One response to the 2008 financial crisis—popular among the bitcoin camp, in particular—has been to decentralize authority. That is, take power away from the elites and spread it among regular people who suffered the most and had the least recourse when the economy crashed. And it isn’t just crypto enthusiasts—you can make the case that the small-government, low-taxes Tea Party, which surfaced in the US in 2009, has similar DNA.
Another response to crisis has been to give even more power and responsibility to a centralized authority. Switzerland’s “sovereign money” referendum fits into this category. On Sunday (June 10), Swiss voters will decide whether to ditch the fractional-reserve banking system (pdf), in which banks create money as a byproduct of extending credit, lending out far more than they hold in deposits. The radical reform, called Vollgeld, would give the Swiss National Bank a monopoly over this power, and require commercial banks to lend only what they have on hand. (Read more about it here.)
If the referendum succeeds, it would cause convulsions for the country’s enormous banking sector and spark another Brexit- or Trump-like market panic if it happens. That said, some economic luminaries (paywall) think such a proposal would indeed make the panic-prone banking system more robust.
Switzerland’s sovereign money initiative would concentrate even more power into the Swiss National Bank—which, by the way, abhors the idea. The bank says money creation would be centralized at the institution, and the corresponding profits would end up there as well.
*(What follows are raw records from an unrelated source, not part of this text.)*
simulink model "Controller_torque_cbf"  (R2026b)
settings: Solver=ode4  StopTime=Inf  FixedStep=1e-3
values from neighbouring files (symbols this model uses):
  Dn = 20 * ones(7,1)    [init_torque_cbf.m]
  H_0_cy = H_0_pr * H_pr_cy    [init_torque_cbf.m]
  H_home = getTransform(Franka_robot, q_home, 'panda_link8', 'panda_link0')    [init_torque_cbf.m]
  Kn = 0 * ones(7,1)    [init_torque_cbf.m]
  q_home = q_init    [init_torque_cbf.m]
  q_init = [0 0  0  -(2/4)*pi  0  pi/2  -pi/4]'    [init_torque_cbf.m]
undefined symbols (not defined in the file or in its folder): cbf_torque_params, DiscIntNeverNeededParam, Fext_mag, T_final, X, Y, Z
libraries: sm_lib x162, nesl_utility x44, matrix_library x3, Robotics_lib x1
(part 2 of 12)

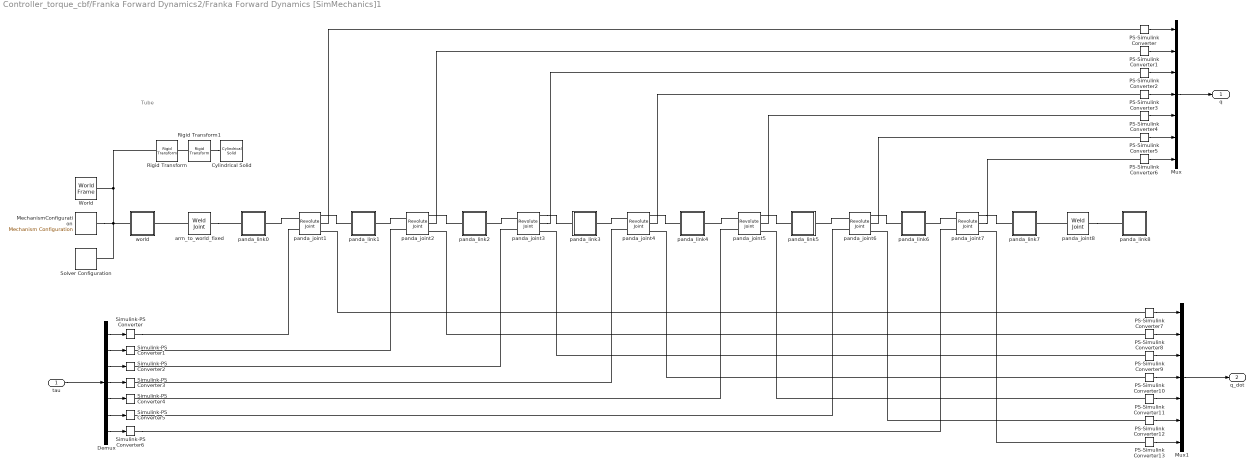
== system Controller_torque_cbf/Franka Forward Dynamics2/Franka Forward Dynamics [SimMechanics]1 ==
  note: Tube
  tau : Inport
  Cylindrical Solid : sm_lib/Body Elements/Cylindrical Solid  CylinderRadius=0.13  CylinderRadiusUnits=m  CylinderLength=0.446  CylinderLengthUnits=m  ExportEntireGeometry=off  InertiaType=CalculateFromGeometry  BasedOnType=Density  Density=1000  DensityUnits=kg/m^3  Mass=1  MassUnits=kg  CenterOfMass=[0 0 0]  CenterOfMassUnits=m  MomentsOfInertia=[1 1 1]  MomentsOfInertiaUnits=kg*m^2  ProductsOfInertia=[0 0 0]  ProductsOfInertiaUnits=kg*m^2  GraphicType=FromGeometry  MarkerShape=Sphere  MarkerSize=10  GraphicVisPropType=SimpleVisualProperties  GraphicDiffuseColor=[1.0 0.0 1.0]  GraphicOpacity=1.0  GraphicSpecularColor=[0.5 0.5 0.5 1.0]  GraphicAmbientColor=[0.15 0.15 0.15 1.0]  GraphicEmissiveColor=[0.0 0.0 0.0 1.0]  GraphicShininess=75  DoExposeReferenceFrame=on  SerializedFrames=<Frames/>
  Demux : Demux  Outputs=7
  MechanismConfiguration : sm_lib/Utilities/Mechanism Configuration  UniformGravity=Constant  GravityVector=Franka_robot.Gravity  GravityVectorUnits=m/s^2  LinearizationDelta=0.001  JointModeTransitionNonlinearIterations=2
  Mux : Mux  Inputs=7
  Mux1 : Mux  Inputs=7
  PS-Simulink Converter{,1..13} (14 alike) : nesl_utility/PS-Simulink Converter  PhysicalDomain=network_engine_domain  SubClassName=ps_output  LeftPortType=input  RightPortType=output  PseudoPeriodic=off  Frequencies=[]  VectorFormat=inherit  Unit=inherit  AffineConversion=off
  Rigid Transform : sm_lib/Frames and Transforms/Rigid Transform  RotationMethod=RotationMatrix  FollAlignAxisA=+X  BaseAlignAxisA=+Y  FollAlignAxisB=+Y  BaseAlignAxisB=+Z  RotationStandardAxis=+Z  RotationAngle=0.0  RotationAngleUnits=deg  RotationArbitraryAxis=[0 0 1]  RotationSequenceAxes=FollowerAxes  RotationSequence=XYX  RotationSequenceAngles=[0 0 0]  RotationSequenceAnglesUnits=deg  RotationMatrix=H_0_cy(1:3,1:3)  Quaternion=[1 0 0 0]  TranslationMethod=Cartesian  TranslationCartesianOffset=H_0_cy(1:3,4)  TranslationCartesianOffsetUnits=m  TranslationStandardAxis=+Z  TranslationStandardOffset=0  TranslationStandardOffsetUnits=m  TranslationROffset=0  TranslationROffsetUnits=m  TranslationThetaOffset=0  TranslationThetaOffsetUnits=deg  TranslationZOffset=0  TranslationZOffsetUnits=m
  Rigid Transform1 : sm_lib/Frames and Transforms/Rigid Transform  RotationMethod=RotationMatrix  FollAlignAxisA=+X  BaseAlignAxisA=+Y  FollAlignAxisB=+Y  BaseAlignAxisB=+Z  RotationStandardAxis=+Z  RotationAngle=0.0  RotationAngleUnits=deg  RotationArbitraryAxis=[0 0 1]  RotationSequenceAxes=FollowerAxes  RotationSequence=XYX  RotationSequenceAngles=[0 0 0]  RotationSequenceAnglesUnits=deg  RotationMatrix=[0,0,1; 0,1,0; -1,0,0]  Quaternion=[1 0 0 0]  TranslationMethod=None  TranslationCartesianOffset=zeros()  TranslationCartesianOffsetUnits=m  TranslationStandardAxis=+Z  TranslationStandardOffset=0  TranslationStandardOffsetUnits=m  TranslationROffset=0  TranslationROffsetUnits=m  TranslationThetaOffset=0  TranslationThetaOffsetUnits=deg  TranslationZOffset=0  TranslationZOffsetUnits=m
  Simulink-PS Converter{,1..6} (7 alike) : nesl_utility/Simulink-PS Converter  PhysicalDomain=network_engine_domain  SubClassName=ps_input  LeftPortType=input  RightPortType=output  PseudoPeriodic=off  Frequencies=[]  NoiseDistribution=none  NoiseParameters=[]  Unit=1  AffineConversion=off  FilteringAndDerivatives=provide  SimscapeFilterOrder=1  InputFilterTimeConstant=0.001  UdotUserProvided=0
  Solver Configuration : nesl_utility/Solver Configuration  PhysicalDomain=network_engine_domain  SubClassName=solver  LeftPortType=input  RightPortType=generic  Tones=[]  Harmonics=[]  SimulateNoise=off  Profile=off  UseLocalSampling=off  EnableSwitchedLinearOptims=on  FrequencyDomain=off  UseCCode=off  RelTol=0.001  AbsTol=0.001  MinStep=1e-09  ToWorkspace=off  RevertToSquareIcSolve=off  NumHomotopyIterations=100  PhasorMode=off  PhasorModeNumHarmonics=1  ConsistencySolver=NEWTON_XTOL_AFTER_FTOL  CanonicalOrdering=UNORDERED  OptimizeIntermediates=UNOPTIMIZED  MulticoreSolverChoice=BACKWARD_EULER  IndexReductionMethod=DerivativeReplacement  DoDC=off  ResidualTolerance=1e-09  ConsistencyTolSource=GLOBAL  ConsistencyAbsTol=0.001  ConsistencyRelTol=0.001  ConsistencyTolFactor=0.001  UseLocalSolver=off  LocalSolverChoice=NE_BACKWARD_EULER_ADVANCER  ResolveIndetEquations=on  FunctionEvalNumThread=1  LocalSolverSampleTime=0.001  DoFixedCost=off  MaxNonlinIter=3  MaxModeIter=2  ComputeImpulses=off  ImpulseIterations=2  LinearAlgebra=auto  LinearAlgebraNumThread=0  EquationFormulation=NE_TIME_EF  DelaysMemoryBudget=1024  AutomaticFiltering=on  FilteringTimeConstant=0.001  PartitionStorageMethod=AS_NEEDED  PartitionMemoryBudget=1024  PartitionMethod=BALANCED  MultibodyUseLocalSolver=off  MultibodyLocalSolverChoice=ODE1  MultibodyLocalSolverSampleTime=0.001
  World : sm_lib/Frames and Transforms/World Frame
  arm_to_world_fixed : sm_lib/Joints/Weld Joint  JointMode=Normal  CompositeWrenchDir=FollowerOnBase  CompositeWrenchFrame=BaseFrame  SenseConstraintForce=off  SenseConstraintTorque=off  SenseTotalForce=off  SenseTotalTorque=off
  panda_joint1 : sm_lib/Joints/Revolute Joint  JointMode=Normal  CompositeWrenchDir=FollowerOnBase  CompositeWrenchFrame=BaseFrame  SenseConstraintForce=off  SenseConstraintTorque=off  SenseTotalForce=off  SenseTotalTorque=off  PositionTargetSpecify=on  PositionTargetPriority=High  PositionTargetValue=q_init(1)  PositionTargetValueUnits=rad  VelocityTargetSpecify=off  VelocityTargetPriority=High  VelocityTargetValue=0  VelocityTargetValueUnits=deg/s  EquilibriumPosition=0  EquilibriumPositionUnits=deg  SpringStiffness=0  SpringStiffnessUnits=N*m/deg  DampingCoefficient=0  DampingCoefficientUnits=kg*m^2/(rad*s)  LowerLimitSpecify=on  LowerLimitBound=-2.8973  LowerLimitBoundUnits=rad  LowerLimitStiffness=1e4  LowerLimitStiffnessUnits=N*m/deg  LowerLimitDamping=10  LowerLimitDampingUnits=N*m/(deg/s)  LowerLimitTransitionRegionWidth=0.1  LowerLimitTransitionRegionWidthUnits=deg  UpperLimitSpecify=on  UpperLimitBound=2.8973  UpperLimitBoundUnits=rad  UpperLimitStiffness=1e4  UpperLimitStiffnessUnits=N*m/deg  UpperLimitDamping=10  UpperLimitDampingUnits=N*m/(deg/s)  UpperLimitTransitionRegionWidth=0.1  UpperLimitTransitionRegionWidthUnits=deg  TorqueActuationMode=InputTorque  MotionActuationMode=ComputedMotion  SensePosition=on  SenseVelocity=on  SenseAcceleration=off  SenseTorqueForce=off  SenseLowerLimitTorqueForce=off  SenseUpperLimitTorqueForce=off
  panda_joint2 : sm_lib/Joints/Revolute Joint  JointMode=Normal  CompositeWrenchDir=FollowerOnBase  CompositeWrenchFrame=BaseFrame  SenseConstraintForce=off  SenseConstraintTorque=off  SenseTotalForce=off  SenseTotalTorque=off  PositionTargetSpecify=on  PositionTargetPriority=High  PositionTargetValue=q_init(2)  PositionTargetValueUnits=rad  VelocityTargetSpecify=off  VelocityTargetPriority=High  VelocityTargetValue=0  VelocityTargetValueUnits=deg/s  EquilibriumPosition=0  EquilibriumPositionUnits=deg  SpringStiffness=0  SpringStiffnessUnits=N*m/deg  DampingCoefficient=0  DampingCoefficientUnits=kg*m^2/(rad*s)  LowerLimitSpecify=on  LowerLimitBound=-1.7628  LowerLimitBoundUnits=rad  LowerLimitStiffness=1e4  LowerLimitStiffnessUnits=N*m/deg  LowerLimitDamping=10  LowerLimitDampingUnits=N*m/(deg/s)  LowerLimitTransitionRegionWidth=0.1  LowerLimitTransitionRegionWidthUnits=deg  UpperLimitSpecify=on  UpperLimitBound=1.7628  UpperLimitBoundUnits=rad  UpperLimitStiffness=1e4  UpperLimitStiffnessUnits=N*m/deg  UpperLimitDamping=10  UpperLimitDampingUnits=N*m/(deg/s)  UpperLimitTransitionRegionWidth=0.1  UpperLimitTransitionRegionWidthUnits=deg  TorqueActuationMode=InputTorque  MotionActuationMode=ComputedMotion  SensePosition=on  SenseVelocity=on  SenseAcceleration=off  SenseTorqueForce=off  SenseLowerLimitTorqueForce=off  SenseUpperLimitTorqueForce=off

This politicized, state-controlled credit system would hold sway over who should and shouldn’t receive loans across the economy.
The referendum is generally seen as a populist response to the previous financial crisis. Switzerland, notably, has had far fewer crises than most countries, according to IMF data. It has a low unemployment rate and the Swiss franc is a haven currency that is, if anything, too strong. There are some imbalances. The country’s housing market is showing signs of overheating and, in an effort to keep the currency from appreciating too much, the central bank’s balance sheet has grown to epic proportions.
It feels less revolutionary—maybe because I write so many bitcoin stories—but it’s arguable that centralization has been a bigger force following the financial crash than a push towards the stateless, decentralized power promoted by the crypto crowd. There are fewer banks than before, and they’re bigger and more profitable. Ordinary fiat bank deposits are growing. The US and Europe enacted sweeping regulatory overhauls that gave regulators more heft. The Swiss initiative, in fact, would give officials power that they don’t even want.
The future of finance on Quartz
The number of bank accounts in Nigeria and Mexico has fallen. In low- and middle-income countries, less than half of all people have an active account, according to the World Bank. Headline stats on the growth of financial inclusion often mask a large rise in inactive accounts.
A London asset manager has started a doomsday fund. After years of heavy monetary stimulus, Algebris Investments thinks global economies have become vulnerable to a shock. Geopolitical flareups and debt defaults are among the things that could go wrong, and the money manager’s tail-risk fund stands to profit when they do.
China suddenly has nice things to say about blockchain. China Central Television, the government-controlled broadcaster, used to blast crypto projects. Now, it promotes blockchain with Chinese characteristics.
Germany’s biggest bank is worth the same as a medium-sized regional US lender. Deutsche Bank’s market capitalization falls between Chicago-based Northern Trust and Fifth Third, which has its headquarters in Cincinnati. Yet its assets are 12 times bigger.
The most valuable banknote in circulation is worth about as much as a bitcoin. That bill is Brunei’s B$10,000 note, which is worth about $7,500, roughly the same as bitcoin. Brunei’s ruler is among the few remaining absolute monarchs and one of the longest reigning.
The future of finance elsewhere
Ant Financial raised a whopping $14 billion. The Alibaba affiliate exceeded the $10 billion targeted earlier, achieving the largest private fundraising round ever. International investors including The Carlyle Group bought the dollar-denominated tranche. Ant says it’s investing in blockchain, artificial intelligence, security, and the Internet of Things.
Adyen could be valued at more than $8 billion when it goes public. The Dutch payment firm’s technology is used by the likes of Netflix and Facebook. It generated revenue of €218 million ($257 million) last year, up 38%. Crypto is supposedly the future of money, but regular old fiat payment processors still handle all the transactions.
Fortune says blockchain consortium R3 is floundering. R3 disputed claims that it missed revenue targets and is running low on money. It has been 10 years since Satoshi Nakamoto’s white paper was published; people are anxious to see viable projects that provide more than an opportunity to gamble.
In crypto’s Wild West, the CFTC is Wyatt Earp. Commissioner Rostin Behnam said crypto will proliferate in every part of the world: “Perhaps we are witnessing a modern miracle.” Is the US commodities regulator crypto’s biggest cheerleader?
Coinbase says it’s on track to operate a regulated broker-dealer. If approved, the crypto exchange would be able to offer blockchain-based securities under the oversight of US watchdogs. This contrasts with the regulatory arbitrage waged by the likes of Binance in Malta.